Potter watched him curiously after that, but thankfully said nothing of import as he paid up the tab, and Draco climbed warily back into the sex machine and kept himself firmly to boring, deadly dull, non-incendiary topics for the rest of the drive.
"Have you noticed the weather, Potter," he found himself blathering, "has been warmer than is seasonable?" and then nearly stabbed himself through the eye when it struck him that he was trapped inside a very sexy Muggle vehicle with a very fit Harry Potter and reduced to remarking inanely on how pleasantly balmy it was for March. But that was still better than letting slip any of the other questions he'd knocking at the back of his front teeth, just dying to escape.
Les Mathes in the Charente Maritime district was their general destination, or at least Draco's. La Palmyre Zoo was quite close and no doubt there'd be Muggle taxis for hire. Potter was agreeable enough to stop the night nearby, in Royan, and even offered Draco the use of the second bed in his bespoke hotel suite, when they arrived far too late in the evening for Draco to book a room of his own.
"Thank you, Potter," Draco said grudgingly, accepting out of sheer necessity. Whilst they'd been at dinner, he'd briefly toyed with the intriguing possibility of offering Potter a quick kiss goodnight (it had rather felt as though they were a couple, out on a dinner date, earlier) but that stillborn scheme was effectively dead in the water. Not only had the atmosphere stiffened, but he'd be stranded, with no place to wank in private after, had he dared press his lips to Potter's smooth pink ones.
Of course, there was also the bloody Dampener.

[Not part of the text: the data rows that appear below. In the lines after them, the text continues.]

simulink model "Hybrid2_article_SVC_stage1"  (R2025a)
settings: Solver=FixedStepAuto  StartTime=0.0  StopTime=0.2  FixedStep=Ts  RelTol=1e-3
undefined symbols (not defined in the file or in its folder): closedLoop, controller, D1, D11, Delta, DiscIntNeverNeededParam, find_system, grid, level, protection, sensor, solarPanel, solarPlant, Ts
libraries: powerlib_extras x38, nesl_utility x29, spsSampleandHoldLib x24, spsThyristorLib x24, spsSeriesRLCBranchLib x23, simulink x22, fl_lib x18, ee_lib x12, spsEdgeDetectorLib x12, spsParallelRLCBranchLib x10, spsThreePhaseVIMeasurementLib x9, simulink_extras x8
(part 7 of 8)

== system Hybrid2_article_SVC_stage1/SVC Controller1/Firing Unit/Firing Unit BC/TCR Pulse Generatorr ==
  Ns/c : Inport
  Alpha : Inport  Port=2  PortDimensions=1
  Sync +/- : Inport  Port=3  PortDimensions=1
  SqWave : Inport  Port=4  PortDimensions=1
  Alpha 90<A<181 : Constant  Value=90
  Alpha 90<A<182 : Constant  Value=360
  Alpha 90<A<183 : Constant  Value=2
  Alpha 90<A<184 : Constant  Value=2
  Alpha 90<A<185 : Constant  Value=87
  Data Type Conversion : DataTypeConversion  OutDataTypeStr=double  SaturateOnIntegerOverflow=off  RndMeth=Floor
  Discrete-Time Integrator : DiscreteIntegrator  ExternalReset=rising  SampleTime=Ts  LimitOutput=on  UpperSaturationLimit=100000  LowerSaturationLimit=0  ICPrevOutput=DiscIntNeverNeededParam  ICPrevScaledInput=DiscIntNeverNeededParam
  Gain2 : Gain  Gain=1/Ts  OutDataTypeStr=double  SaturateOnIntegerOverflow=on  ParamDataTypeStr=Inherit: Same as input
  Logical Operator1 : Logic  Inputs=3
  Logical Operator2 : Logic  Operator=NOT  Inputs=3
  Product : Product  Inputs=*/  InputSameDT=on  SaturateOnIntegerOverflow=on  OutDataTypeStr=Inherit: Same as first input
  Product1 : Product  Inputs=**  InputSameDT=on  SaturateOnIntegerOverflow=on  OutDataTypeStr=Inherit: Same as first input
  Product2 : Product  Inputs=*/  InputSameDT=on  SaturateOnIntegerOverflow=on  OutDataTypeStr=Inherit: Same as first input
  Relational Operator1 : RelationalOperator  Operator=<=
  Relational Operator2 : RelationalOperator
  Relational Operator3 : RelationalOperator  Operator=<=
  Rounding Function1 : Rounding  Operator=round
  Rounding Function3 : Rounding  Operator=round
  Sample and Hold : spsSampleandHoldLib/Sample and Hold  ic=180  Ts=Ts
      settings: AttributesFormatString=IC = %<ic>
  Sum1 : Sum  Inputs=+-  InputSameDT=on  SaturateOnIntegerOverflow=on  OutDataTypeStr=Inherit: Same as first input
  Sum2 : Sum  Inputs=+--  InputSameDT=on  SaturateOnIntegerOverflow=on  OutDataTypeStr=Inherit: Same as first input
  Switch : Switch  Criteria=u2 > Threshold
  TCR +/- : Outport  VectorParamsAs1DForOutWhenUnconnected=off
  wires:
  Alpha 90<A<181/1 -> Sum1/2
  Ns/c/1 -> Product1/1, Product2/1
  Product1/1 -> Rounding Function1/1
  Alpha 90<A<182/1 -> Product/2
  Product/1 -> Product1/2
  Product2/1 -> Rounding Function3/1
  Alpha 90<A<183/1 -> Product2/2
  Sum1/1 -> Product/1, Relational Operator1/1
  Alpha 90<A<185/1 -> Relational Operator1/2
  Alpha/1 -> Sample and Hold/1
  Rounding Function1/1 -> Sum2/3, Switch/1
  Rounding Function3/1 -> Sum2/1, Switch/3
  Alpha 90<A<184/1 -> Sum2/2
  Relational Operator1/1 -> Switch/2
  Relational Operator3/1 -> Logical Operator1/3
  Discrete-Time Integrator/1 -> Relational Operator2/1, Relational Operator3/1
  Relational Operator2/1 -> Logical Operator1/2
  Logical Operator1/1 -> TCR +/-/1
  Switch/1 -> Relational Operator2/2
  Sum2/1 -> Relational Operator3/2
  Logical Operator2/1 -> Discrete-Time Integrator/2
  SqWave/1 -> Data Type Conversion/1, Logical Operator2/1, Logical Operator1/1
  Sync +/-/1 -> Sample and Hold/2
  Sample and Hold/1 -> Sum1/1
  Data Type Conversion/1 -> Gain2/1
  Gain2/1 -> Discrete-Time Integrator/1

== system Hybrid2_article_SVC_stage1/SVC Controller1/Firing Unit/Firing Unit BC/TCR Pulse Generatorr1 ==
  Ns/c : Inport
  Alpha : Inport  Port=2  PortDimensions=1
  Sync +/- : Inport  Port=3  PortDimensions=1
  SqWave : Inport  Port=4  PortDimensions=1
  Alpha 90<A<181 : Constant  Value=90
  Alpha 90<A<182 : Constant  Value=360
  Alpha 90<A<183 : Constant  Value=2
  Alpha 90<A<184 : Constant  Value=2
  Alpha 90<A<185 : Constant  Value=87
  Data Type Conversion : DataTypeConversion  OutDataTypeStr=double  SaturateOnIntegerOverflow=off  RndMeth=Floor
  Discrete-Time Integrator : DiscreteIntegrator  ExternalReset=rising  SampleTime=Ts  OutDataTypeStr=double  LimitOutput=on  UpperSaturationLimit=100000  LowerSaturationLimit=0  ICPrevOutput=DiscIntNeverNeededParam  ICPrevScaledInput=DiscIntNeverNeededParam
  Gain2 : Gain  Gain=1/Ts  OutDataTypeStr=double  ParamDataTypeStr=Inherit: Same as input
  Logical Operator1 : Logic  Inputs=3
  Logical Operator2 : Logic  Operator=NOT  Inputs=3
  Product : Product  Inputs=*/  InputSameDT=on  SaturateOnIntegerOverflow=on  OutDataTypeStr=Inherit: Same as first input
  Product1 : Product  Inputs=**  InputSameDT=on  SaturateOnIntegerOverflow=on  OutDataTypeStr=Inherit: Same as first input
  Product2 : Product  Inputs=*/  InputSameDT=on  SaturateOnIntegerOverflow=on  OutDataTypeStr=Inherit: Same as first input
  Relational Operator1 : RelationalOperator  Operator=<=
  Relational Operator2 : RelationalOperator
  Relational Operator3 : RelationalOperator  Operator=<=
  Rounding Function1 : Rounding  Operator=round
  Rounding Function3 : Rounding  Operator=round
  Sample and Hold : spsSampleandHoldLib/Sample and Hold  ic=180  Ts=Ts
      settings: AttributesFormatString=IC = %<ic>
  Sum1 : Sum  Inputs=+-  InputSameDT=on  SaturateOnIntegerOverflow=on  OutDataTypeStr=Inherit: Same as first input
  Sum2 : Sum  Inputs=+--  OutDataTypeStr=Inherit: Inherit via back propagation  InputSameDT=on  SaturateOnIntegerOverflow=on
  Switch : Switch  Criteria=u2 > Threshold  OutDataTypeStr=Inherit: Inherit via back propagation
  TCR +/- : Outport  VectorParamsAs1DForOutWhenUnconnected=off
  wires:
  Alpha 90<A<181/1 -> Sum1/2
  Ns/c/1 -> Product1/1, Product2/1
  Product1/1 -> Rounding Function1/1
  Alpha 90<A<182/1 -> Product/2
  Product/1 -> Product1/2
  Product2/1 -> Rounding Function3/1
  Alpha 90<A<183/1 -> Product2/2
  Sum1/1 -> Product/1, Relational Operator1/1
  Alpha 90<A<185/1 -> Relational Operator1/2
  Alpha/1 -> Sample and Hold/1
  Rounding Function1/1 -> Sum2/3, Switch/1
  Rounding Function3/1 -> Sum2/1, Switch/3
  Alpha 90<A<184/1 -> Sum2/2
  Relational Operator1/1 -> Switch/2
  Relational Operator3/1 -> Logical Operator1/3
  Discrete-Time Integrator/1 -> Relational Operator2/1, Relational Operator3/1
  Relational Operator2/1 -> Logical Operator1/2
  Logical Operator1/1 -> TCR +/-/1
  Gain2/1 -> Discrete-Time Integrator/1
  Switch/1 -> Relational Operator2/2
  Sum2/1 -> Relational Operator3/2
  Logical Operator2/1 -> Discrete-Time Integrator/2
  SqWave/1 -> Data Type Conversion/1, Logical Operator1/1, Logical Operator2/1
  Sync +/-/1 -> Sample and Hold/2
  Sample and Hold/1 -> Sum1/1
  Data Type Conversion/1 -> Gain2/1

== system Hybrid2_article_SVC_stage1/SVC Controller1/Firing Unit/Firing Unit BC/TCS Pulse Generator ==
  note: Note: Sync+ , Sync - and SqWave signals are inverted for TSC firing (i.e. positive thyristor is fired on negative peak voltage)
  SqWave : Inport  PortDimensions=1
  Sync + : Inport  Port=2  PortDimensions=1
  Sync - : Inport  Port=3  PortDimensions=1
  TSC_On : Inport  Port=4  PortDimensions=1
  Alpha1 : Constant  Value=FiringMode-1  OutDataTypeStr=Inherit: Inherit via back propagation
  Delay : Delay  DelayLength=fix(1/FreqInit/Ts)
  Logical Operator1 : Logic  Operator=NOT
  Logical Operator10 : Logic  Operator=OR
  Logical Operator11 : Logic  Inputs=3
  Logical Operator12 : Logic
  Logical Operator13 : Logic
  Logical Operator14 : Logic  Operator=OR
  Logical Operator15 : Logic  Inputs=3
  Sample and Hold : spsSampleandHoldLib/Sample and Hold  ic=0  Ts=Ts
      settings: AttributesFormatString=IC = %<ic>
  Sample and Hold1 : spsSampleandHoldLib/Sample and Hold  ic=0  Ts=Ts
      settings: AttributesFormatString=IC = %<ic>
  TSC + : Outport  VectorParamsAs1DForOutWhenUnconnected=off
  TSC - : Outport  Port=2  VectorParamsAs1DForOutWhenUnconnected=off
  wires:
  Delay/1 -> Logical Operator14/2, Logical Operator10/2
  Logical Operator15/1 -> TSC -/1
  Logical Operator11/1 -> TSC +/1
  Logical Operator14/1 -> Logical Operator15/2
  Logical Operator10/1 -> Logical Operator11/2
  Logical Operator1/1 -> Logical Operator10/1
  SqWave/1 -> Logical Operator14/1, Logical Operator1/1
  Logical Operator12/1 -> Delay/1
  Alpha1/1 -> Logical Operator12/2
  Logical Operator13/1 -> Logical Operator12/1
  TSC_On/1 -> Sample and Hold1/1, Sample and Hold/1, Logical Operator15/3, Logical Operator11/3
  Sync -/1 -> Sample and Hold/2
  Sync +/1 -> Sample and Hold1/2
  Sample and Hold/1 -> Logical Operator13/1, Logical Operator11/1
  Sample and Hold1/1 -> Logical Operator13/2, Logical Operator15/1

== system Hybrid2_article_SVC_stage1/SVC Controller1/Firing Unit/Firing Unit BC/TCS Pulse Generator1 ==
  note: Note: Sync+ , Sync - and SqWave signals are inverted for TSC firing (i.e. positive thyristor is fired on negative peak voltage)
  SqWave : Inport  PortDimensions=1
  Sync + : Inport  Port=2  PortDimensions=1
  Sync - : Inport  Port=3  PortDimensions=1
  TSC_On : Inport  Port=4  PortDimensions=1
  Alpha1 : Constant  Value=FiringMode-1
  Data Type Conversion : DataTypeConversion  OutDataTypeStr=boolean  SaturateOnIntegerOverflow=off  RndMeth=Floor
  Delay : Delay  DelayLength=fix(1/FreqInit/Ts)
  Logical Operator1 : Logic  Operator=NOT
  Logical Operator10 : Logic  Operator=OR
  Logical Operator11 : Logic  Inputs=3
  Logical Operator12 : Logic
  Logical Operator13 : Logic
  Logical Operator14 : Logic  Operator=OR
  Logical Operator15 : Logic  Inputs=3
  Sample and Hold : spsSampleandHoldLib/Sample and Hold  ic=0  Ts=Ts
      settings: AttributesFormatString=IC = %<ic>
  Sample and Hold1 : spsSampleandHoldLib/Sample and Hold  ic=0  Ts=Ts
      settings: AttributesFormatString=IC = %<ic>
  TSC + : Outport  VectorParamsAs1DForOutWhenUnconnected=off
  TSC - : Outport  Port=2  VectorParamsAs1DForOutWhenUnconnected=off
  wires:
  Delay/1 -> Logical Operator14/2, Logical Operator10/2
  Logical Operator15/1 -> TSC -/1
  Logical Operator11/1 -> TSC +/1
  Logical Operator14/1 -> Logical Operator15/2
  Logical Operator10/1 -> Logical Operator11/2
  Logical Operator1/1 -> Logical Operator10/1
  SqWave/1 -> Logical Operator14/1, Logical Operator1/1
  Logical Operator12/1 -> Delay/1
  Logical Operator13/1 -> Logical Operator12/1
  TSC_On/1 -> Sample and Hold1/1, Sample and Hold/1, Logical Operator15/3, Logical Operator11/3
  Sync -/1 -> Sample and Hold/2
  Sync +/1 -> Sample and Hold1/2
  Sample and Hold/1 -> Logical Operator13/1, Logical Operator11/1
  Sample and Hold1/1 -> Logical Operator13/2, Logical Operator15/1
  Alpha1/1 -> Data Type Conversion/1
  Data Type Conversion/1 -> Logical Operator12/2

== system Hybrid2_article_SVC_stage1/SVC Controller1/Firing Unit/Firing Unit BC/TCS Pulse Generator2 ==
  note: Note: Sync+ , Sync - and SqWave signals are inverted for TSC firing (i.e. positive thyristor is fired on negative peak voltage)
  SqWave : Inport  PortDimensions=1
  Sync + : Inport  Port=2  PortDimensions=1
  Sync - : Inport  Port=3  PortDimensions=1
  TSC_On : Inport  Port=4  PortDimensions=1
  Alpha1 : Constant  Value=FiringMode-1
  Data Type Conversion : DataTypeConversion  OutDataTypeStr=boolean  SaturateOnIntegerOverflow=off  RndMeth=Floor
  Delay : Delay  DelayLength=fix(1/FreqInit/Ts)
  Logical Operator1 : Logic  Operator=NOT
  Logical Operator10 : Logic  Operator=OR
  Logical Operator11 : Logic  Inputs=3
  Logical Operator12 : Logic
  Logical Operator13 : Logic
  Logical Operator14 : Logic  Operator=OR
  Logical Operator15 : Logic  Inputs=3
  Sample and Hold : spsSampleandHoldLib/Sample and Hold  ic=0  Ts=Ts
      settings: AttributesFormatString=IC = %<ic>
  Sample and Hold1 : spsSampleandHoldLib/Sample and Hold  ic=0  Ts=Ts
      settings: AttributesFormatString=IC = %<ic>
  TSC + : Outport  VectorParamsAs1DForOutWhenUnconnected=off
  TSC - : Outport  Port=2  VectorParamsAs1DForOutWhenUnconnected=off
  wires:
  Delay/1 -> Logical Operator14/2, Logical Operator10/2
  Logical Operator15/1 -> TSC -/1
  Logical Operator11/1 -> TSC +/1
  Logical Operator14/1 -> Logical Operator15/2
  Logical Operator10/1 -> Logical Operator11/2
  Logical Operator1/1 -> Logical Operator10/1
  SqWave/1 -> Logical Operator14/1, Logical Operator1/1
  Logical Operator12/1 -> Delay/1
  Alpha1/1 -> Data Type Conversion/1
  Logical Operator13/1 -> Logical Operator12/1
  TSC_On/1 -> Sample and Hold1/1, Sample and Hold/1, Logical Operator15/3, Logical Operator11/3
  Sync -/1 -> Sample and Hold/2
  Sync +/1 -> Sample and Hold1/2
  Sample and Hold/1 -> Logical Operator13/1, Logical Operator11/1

Draco was very much aware of its rectangular malignance, lurking in its red-and-white plastic Muggle container in his jacket pocket. That article was buried in the very bottom of his vile luggage, where hopefully it would be secure. Draco hadn't forgotten for a second it was hellaciously dangerous to regular Wizarding folk, Screwbik's blasted Cube, which was exactly why it was him sent alone on this stupid jaunt about the Frankish countryside in the first place, and now he'd gone and stuck Potter squarely in the path of possible disaster, through no bloody fault of his own. Well...mostly 'no bloody fault'; he hadn't been forced to accept the ride to La Palmyre. He'd just really wanted to take advantage of the rare chance to talk to Potter without interference.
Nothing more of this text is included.